--- DATA FOR REVIEW ---

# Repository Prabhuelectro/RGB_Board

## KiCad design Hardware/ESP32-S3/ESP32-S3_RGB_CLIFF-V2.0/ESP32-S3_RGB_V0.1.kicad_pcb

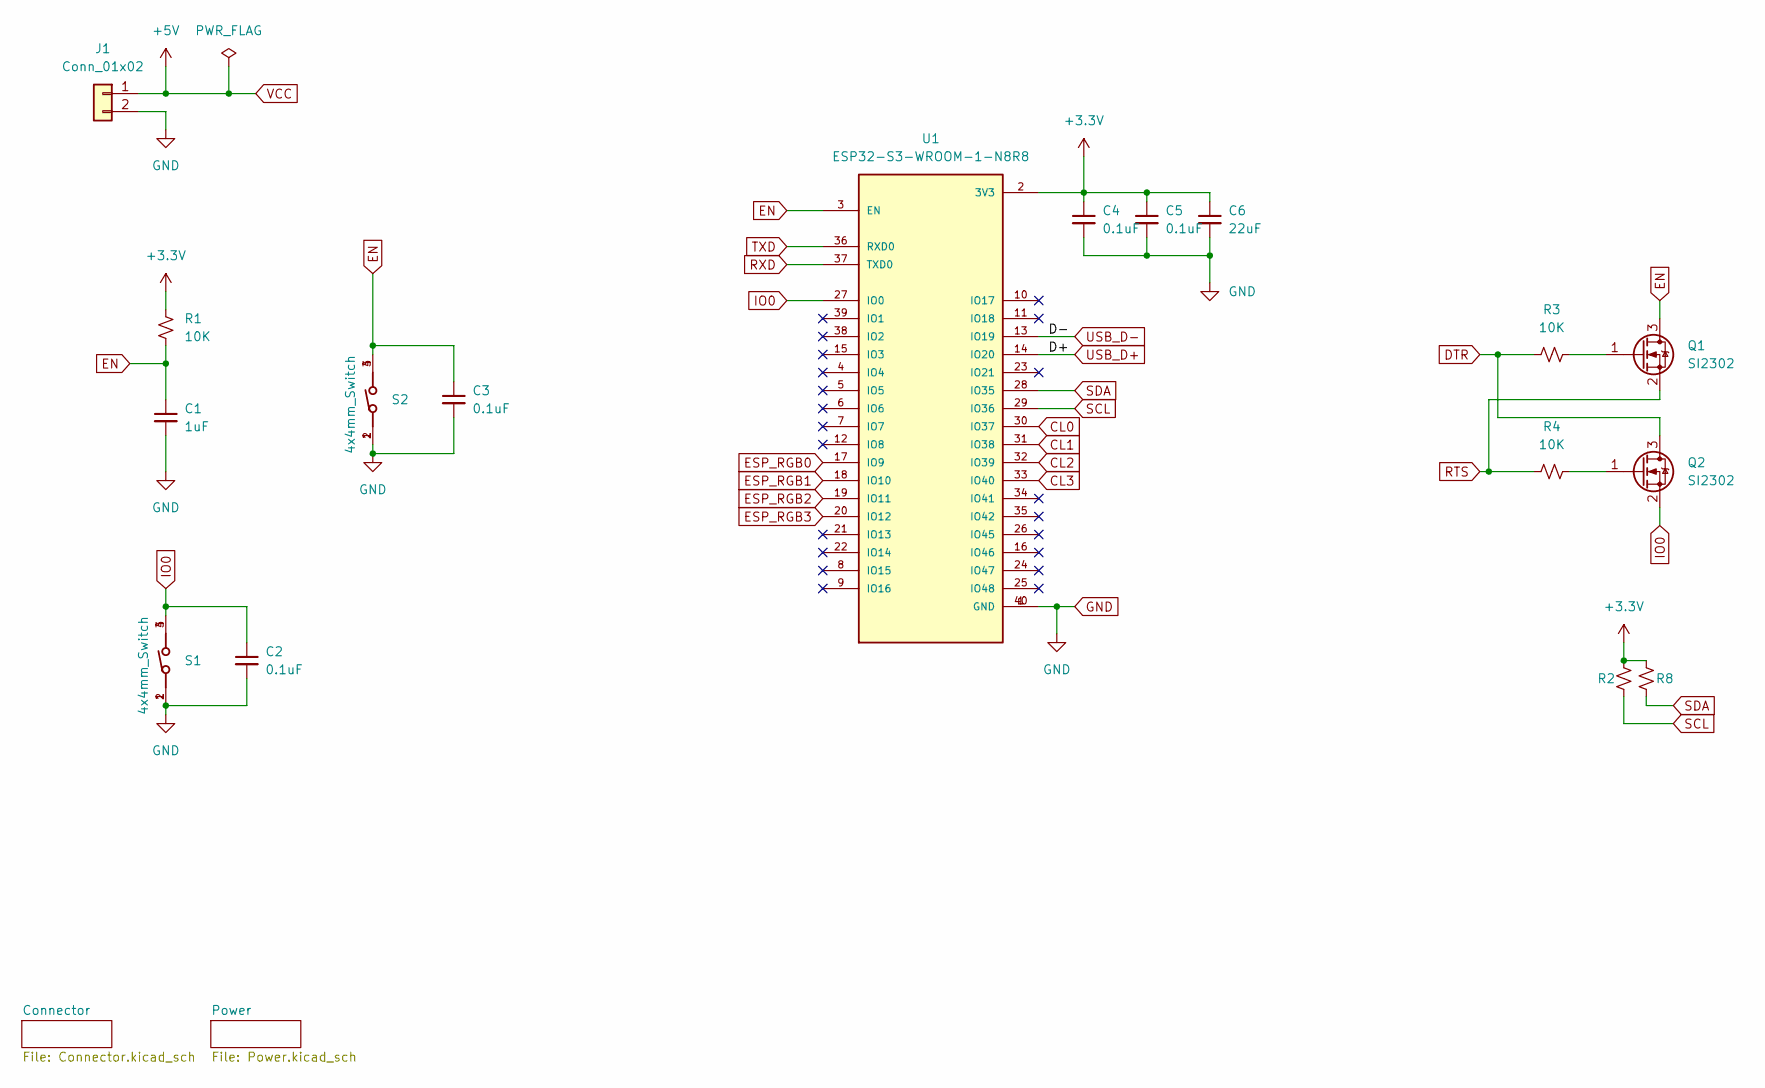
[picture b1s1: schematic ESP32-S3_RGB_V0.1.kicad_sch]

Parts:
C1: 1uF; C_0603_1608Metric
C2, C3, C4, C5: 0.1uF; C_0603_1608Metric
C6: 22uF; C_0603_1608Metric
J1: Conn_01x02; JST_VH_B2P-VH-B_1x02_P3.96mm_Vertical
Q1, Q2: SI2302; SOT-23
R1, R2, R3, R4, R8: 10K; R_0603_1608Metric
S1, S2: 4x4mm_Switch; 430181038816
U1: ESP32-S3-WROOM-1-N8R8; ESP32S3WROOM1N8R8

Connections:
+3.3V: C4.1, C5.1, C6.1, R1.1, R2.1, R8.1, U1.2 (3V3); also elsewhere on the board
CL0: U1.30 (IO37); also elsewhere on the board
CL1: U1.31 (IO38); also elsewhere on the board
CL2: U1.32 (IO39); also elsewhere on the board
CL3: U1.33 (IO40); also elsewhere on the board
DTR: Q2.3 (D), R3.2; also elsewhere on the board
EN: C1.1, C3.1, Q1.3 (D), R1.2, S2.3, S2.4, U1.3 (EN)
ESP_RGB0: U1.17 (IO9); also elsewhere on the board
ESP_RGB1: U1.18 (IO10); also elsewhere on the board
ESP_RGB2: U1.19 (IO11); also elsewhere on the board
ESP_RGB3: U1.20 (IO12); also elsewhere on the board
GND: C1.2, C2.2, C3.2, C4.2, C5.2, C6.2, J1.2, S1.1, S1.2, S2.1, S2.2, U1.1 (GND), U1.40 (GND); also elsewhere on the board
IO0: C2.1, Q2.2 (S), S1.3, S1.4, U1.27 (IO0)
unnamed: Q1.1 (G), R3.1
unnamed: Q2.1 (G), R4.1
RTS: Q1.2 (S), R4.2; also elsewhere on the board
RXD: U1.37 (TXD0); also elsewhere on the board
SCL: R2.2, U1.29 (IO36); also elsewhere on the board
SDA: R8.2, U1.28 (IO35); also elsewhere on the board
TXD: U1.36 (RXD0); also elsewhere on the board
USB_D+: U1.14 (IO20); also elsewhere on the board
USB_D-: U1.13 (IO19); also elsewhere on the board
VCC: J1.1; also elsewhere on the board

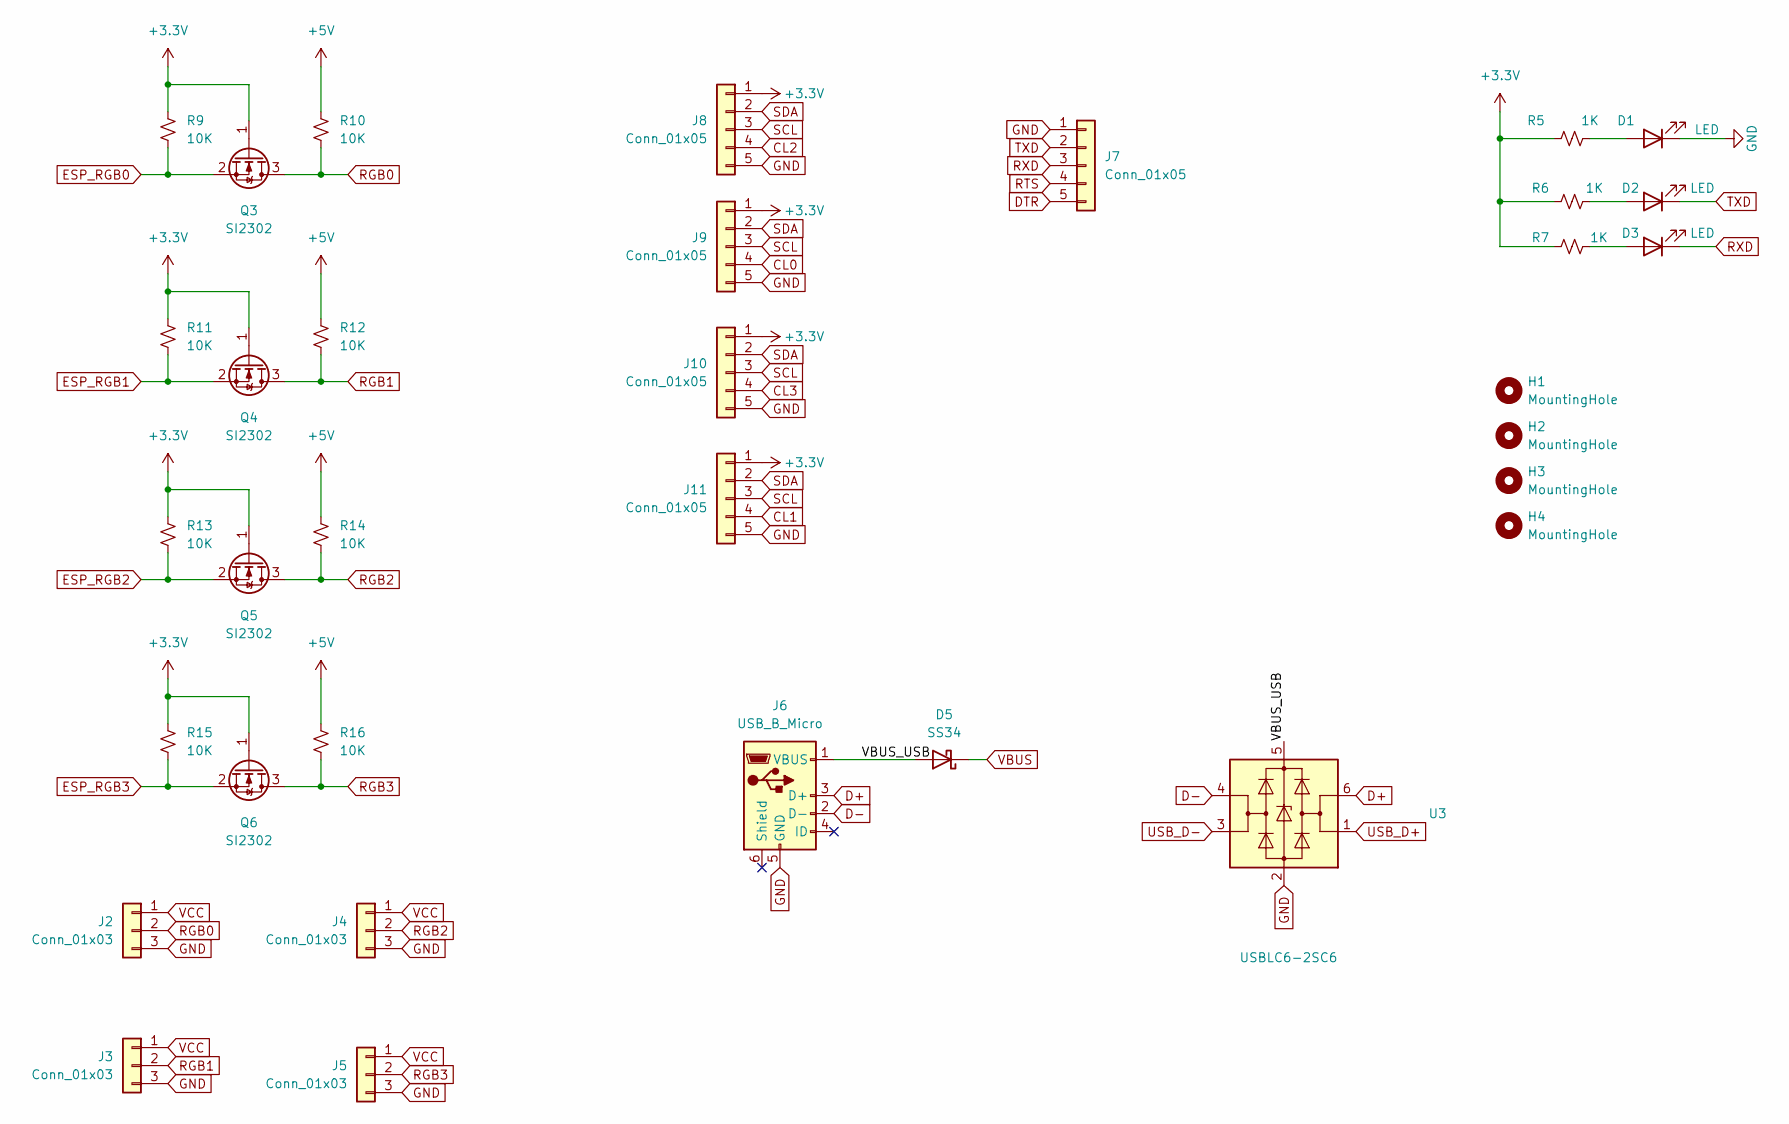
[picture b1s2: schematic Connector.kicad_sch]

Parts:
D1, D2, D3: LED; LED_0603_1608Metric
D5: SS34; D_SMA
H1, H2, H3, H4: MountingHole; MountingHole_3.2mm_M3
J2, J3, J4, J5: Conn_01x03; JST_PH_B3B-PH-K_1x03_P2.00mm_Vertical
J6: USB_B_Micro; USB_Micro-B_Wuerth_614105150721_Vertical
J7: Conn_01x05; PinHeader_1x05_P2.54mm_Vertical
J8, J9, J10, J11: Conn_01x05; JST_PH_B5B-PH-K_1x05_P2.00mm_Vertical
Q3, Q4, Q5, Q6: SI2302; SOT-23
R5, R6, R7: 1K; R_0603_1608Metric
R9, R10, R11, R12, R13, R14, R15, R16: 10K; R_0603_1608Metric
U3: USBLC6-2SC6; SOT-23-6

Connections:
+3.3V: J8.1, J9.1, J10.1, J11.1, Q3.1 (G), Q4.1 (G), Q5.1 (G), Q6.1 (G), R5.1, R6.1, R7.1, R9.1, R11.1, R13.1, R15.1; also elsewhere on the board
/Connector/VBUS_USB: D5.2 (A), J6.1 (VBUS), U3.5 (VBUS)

---

* TO DO: Give back each line above exactly, with pictures dropped.

* YOUR SOLUTION:
# Repository Prabhuelectro/RGB_Board

## KiCad design Hardware/ESP32-S3/ESP32-S3_RGB_CLIFF-V2.0/ESP32-S3_RGB_V0.1.kicad_pcb

[picture b1s1: schematic ESP32-S3_RGB_V0.1.kicad_sch]

Parts:
C1: 1uF; C_0603_1608Metric
C2, C3, C4, C5: 0.1uF; C_0603_1608Metric
C6: 22uF; C_0603_1608Metric
J1: Conn_01x02; JST_VH_B2P-VH-B_1x02_P3.96mm_Vertical
Q1, Q2: SI2302; SOT-23
R1, R2, R3, R4, R8: 10K; R_0603_1608Metric
S1, S2: 4x4mm_Switch; 430181038816
U1: ESP32-S3-WROOM-1-N8R8; ESP32S3WROOM1N8R8

Connections:
+3.3V: C4.1, C5.1, C6.1, R1.1, R2.1, R8.1, U1.2 (3V3); also elsewhere on the board
CL0: U1.30 (IO37); also elsewhere on the board
CL1: U1.31 (IO38); also elsewhere on the board
CL2: U1.32 (IO39); also elsewhere on the board
CL3: U1.33 (IO40); also elsewhere on the board
DTR: Q2.3 (D), R3.2; also elsewhere on the board
EN: C1.1, C3.1, Q1.3 (D), R1.2, S2.3, S2.4, U1.3 (EN)
ESP_RGB0: U1.17 (IO9); also elsewhere on the board
ESP_RGB1: U1.18 (IO10); also elsewhere on the board
ESP_RGB2: U1.19 (IO11); also elsewhere on the board
ESP_RGB3: U1.20 (IO12); also elsewhere on the board
GND: C1.2, C2.2, C3.2, C4.2, C5.2, C6.2, J1.2, S1.1, S1.2, S2.1, S2.2, U1.1 (GND), U1.40 (GND); also elsewhere on the board
IO0: C2.1, Q2.2 (S), S1.3, S1.4, U1.27 (IO0)
unnamed: Q1.1 (G), R3.1
unnamed: Q2.1 (G), R4.1
RTS: Q1.2 (S), R4.2; also elsewhere on the board
RXD: U1.37 (TXD0); also elsewhere on the board
SCL: R2.2, U1.29 (IO36); also elsewhere on the board
SDA: R8.2, U1.28 (IO35); also elsewhere on the board
TXD: U1.36 (RXD0); also elsewhere on the board
USB_D+: U1.14 (IO20); also elsewhere on the board
USB_D-: U1.13 (IO19); also elsewhere on the board
VCC: J1.1; also elsewhere on the board

[picture b1s2: schematic Connector.kicad_sch]

Parts:
D1, D2, D3: LED; LED_0603_1608Metric
D5: SS34; D_SMA
H1, H2, H3, H4: MountingHole; MountingHole_3.2mm_M3
J2, J3, J4, J5: Conn_01x03; JST_PH_B3B-PH-K_1x03_P2.00mm_Vertical
J6: USB_B_Micro; USB_Micro-B_Wuerth_614105150721_Vertical
J7: Conn_01x05; PinHeader_1x05_P2.54mm_Vertical
J8, J9, J10, J11: Conn_01x05; JST_PH_B5B-PH-K_1x05_P2.00mm_Vertical
Q3, Q4, Q5, Q6: SI2302; SOT-23
R5, R6, R7: 1K; R_0603_1608Metric
R9, R10, R11, R12, R13, R14, R15, R16: 10K; R_0603_1608Metric
U3: USBLC6-2SC6; SOT-23-6

Connections:
+3.3V: J8.1, J9.1, J10.1, J11.1, Q3.1 (G), Q4.1 (G), Q5.1 (G), Q6.1 (G), R5.1, R6.1, R7.1, R9.1, R11.1, R13.1, R15.1; also elsewhere on the board
/Connector/VBUS_USB: D5.2 (A), J6.1 (VBUS), U3.5 (VBUS)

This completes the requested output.